If all of the plates have zero counts, the MLE is zero:

```
all_zero <- c(0, 0) #Ni
(apc_all_zero <- apc(all_zero, my_amount_scor)$APC)
#> [1] 0
my_lambda <- seq(0, 1000, length = 1000)
L_all_zero <- L_vec(my_lambda, all_zero, my_amount_scor)
plot(my_lambda, L_all_zero, type = "l", ylab = "Likelihood",
main = "All Zeroes")
abline(v = apc_all_zero, lty = 2, col = "red")
```

`apc()`

computes the confidence interval of \(\lambda\) using the likelihood ratio approach described in Haas et al. (*3*).
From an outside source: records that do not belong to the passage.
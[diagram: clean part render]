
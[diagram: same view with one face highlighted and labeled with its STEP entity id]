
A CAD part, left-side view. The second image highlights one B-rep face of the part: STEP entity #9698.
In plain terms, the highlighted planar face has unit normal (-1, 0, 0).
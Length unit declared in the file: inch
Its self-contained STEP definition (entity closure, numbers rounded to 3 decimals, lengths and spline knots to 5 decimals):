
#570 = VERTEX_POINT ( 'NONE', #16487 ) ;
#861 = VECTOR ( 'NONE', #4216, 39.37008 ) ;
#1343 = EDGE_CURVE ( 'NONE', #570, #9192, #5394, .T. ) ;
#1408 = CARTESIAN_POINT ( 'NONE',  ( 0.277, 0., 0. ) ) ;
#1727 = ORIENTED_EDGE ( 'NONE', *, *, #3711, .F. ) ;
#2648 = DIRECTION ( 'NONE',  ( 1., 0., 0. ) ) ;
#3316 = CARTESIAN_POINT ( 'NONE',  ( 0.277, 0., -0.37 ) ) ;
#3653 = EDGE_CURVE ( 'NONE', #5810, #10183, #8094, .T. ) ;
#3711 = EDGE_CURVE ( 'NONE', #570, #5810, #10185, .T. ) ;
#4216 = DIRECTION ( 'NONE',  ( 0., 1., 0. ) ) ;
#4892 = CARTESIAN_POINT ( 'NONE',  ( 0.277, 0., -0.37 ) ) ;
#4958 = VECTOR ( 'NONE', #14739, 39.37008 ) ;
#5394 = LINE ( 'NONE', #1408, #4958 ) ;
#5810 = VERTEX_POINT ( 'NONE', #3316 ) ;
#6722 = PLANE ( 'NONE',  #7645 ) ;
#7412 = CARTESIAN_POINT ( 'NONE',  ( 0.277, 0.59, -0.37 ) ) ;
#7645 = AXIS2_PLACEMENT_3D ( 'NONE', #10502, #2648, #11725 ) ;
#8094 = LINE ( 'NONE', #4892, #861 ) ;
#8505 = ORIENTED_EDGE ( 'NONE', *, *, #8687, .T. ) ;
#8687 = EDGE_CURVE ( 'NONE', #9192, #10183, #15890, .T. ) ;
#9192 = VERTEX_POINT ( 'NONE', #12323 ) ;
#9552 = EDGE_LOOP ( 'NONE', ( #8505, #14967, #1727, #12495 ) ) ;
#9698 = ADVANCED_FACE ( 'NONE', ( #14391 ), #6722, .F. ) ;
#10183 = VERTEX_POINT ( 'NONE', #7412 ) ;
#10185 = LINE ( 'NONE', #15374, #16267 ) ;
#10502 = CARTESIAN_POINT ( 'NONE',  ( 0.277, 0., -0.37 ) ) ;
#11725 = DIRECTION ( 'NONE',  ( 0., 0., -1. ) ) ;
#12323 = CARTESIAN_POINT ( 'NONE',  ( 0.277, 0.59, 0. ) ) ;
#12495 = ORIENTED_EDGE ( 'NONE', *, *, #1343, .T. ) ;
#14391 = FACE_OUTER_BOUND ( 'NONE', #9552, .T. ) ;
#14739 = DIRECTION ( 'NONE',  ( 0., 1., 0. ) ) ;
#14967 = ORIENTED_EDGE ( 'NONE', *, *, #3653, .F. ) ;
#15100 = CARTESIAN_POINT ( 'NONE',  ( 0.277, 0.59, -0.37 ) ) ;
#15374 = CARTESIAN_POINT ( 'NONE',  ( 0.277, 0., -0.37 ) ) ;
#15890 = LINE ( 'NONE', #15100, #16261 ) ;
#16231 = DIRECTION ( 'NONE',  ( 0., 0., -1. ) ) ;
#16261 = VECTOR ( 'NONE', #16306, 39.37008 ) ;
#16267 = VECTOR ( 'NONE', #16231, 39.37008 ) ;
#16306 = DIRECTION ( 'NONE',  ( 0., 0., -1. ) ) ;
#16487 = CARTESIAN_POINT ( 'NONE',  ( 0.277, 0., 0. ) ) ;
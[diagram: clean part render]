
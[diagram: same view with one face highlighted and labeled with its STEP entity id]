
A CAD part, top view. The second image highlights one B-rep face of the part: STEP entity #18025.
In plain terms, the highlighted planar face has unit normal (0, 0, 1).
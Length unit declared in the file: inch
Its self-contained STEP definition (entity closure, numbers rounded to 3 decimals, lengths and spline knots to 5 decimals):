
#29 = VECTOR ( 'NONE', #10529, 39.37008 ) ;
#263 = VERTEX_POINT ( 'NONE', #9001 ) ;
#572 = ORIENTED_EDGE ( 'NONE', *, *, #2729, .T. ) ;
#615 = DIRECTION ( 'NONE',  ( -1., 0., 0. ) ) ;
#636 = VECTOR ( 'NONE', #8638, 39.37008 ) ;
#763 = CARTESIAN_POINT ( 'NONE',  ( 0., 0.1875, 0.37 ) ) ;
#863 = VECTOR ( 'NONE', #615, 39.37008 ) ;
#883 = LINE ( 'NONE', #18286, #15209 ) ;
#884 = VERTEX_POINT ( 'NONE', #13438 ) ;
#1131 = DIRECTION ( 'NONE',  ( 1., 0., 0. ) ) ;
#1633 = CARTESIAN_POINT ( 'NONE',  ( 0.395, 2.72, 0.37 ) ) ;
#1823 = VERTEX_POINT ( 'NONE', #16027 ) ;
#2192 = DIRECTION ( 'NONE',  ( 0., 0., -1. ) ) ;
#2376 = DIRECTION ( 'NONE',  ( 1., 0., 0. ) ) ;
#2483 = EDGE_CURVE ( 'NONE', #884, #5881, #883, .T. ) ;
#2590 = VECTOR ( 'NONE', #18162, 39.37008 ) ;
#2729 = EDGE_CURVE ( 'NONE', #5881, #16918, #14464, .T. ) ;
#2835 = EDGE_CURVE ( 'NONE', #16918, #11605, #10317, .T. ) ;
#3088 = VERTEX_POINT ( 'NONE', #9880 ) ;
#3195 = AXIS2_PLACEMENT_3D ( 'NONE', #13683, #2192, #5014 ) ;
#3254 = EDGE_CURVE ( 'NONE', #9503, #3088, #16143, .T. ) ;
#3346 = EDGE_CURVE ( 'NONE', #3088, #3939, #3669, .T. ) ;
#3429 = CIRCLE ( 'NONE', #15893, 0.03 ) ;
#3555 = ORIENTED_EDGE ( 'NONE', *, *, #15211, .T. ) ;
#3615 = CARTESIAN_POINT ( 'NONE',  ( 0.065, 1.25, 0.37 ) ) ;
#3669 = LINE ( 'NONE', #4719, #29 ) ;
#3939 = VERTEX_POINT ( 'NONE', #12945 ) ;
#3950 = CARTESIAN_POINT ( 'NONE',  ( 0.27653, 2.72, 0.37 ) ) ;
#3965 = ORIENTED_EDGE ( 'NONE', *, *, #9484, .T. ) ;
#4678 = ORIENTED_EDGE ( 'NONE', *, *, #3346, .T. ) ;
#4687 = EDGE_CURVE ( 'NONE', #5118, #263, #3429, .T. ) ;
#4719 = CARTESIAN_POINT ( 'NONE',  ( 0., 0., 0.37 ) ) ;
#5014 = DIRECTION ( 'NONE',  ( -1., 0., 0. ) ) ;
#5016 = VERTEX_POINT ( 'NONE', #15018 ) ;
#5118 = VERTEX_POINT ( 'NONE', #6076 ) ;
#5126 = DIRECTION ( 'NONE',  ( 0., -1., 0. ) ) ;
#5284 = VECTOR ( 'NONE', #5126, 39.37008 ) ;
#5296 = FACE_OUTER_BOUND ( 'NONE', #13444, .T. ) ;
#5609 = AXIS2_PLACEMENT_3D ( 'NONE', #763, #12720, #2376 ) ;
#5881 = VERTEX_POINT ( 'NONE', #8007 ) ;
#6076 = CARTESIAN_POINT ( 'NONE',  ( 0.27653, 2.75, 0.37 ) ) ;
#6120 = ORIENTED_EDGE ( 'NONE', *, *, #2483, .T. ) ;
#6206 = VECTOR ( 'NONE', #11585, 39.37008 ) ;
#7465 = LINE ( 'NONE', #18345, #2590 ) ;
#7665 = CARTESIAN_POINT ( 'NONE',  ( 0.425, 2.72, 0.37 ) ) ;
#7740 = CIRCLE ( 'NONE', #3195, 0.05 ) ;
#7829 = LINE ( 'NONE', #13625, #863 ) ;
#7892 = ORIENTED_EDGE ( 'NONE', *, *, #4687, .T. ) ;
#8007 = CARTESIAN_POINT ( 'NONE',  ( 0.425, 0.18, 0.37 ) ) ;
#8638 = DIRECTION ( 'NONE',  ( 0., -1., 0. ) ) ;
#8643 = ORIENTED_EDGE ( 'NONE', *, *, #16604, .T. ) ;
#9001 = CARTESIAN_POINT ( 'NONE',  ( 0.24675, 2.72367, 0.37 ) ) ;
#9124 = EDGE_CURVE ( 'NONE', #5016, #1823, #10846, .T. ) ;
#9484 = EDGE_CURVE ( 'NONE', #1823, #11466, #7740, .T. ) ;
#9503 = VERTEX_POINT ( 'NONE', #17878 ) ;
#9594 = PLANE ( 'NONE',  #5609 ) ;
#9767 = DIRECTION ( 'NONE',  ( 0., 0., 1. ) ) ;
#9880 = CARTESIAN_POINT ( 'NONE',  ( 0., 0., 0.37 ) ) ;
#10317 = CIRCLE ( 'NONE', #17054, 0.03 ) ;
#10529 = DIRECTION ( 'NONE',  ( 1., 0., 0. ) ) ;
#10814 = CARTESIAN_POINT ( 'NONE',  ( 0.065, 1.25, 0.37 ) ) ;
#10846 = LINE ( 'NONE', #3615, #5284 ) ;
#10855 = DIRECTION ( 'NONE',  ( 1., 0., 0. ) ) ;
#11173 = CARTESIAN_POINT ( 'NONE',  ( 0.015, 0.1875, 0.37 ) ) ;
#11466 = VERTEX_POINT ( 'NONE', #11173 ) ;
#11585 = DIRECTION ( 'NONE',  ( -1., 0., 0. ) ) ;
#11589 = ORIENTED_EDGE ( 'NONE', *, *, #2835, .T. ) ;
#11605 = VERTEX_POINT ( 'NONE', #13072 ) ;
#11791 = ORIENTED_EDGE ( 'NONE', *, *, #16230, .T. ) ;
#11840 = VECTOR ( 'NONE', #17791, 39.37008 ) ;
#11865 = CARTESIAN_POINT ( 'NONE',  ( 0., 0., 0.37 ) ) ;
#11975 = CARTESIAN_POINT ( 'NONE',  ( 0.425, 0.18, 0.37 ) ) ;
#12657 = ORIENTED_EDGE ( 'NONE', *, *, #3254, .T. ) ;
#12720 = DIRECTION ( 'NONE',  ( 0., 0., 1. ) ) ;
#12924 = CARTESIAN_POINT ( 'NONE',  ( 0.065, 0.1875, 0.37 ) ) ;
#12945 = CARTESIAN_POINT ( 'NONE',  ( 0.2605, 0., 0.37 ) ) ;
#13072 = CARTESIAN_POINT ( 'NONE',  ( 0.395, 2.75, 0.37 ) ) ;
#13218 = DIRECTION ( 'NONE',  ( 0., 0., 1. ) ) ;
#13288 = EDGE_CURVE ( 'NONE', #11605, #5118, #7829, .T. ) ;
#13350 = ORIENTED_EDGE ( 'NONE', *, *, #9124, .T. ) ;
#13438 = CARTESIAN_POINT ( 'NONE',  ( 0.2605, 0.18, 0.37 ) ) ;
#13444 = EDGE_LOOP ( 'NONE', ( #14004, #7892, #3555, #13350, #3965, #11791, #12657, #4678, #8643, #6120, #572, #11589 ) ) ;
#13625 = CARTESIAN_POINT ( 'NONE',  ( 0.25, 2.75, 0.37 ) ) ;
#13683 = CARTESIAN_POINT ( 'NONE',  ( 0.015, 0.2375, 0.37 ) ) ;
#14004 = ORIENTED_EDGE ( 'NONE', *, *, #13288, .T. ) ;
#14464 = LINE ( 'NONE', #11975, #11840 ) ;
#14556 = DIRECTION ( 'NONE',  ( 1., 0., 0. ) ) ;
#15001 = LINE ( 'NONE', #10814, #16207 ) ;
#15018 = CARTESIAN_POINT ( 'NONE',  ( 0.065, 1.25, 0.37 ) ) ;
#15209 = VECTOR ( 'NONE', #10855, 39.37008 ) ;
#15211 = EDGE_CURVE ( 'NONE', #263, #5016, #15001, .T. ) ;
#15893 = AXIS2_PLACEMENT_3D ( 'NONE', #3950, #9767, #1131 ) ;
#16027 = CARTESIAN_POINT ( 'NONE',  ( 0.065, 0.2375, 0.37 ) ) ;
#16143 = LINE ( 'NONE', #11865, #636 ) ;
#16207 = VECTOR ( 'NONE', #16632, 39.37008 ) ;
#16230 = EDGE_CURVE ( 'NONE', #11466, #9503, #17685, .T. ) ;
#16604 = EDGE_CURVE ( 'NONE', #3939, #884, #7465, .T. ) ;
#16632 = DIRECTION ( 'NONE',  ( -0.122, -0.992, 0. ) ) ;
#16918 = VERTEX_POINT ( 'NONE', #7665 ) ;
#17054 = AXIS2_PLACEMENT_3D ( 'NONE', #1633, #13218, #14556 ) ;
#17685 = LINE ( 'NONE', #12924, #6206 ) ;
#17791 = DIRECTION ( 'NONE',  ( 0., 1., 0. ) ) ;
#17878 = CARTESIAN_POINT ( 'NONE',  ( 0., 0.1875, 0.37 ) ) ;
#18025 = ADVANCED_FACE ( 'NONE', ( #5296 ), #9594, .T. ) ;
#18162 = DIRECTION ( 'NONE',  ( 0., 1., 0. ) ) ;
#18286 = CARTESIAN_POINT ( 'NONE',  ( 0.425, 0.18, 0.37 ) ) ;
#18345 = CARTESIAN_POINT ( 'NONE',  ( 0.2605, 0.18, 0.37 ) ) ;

However, since this approach relies on large-sample theory, the results are more reliable for larger experiments.

```
my_count <- c(28, 20)
my_amount_scor <- 1 * c(.001, .001)
my_amount_tntc <- 1 * c(.01, .01)
my_tntc_limit <- c(300, 250)
(my_apc <- apc(my_count, my_amount_scor, my_amount_tntc, my_tntc_limit))
#> $APC
#> [1] 30183.83
#>
#> $conf_level
#> [1] 0.95
#>
#> $LB
#> [1] 26792.25
#>
#> $UB
#> [1] 34963.34
my_lambda <- seq(25000, 36000, length = 1000)
my_L <- L_vec(my_lambda, my_count, my_amount_scor, my_amount_tntc,
my_tntc_limit)
plot(my_lambda, my_L, type = "l",
ylab = "Likelihood", main = "Maximum Likelihood")
abline(v = my_apc$APC, lty = 2, col = "red")
abline(v = my_apc$LB, lty = 3, col = "blue")
abline(v = my_apc$UB, lty = 3, col = "blue")
```

Bacteriological Analytical Manual, 8th Edition, Chapter 3, https://www.fda.gov/food/foodscienceresearch/laboratorymethods/ucm063346.htm

Haas CN, Heller B (1988). “Averaging of TNTC counts.”

*Applied and Environmental Microbiology*, 54(8), 2069-2072. https://aem.asm.org/content/54/8/2069Haas CN, Rose JB, Gerba CP (2014). “Quantitative microbial risk assessment, Second Ed.”

*John Wiley & Sons, Inc.*, ISBN 978-1-118-14529-6.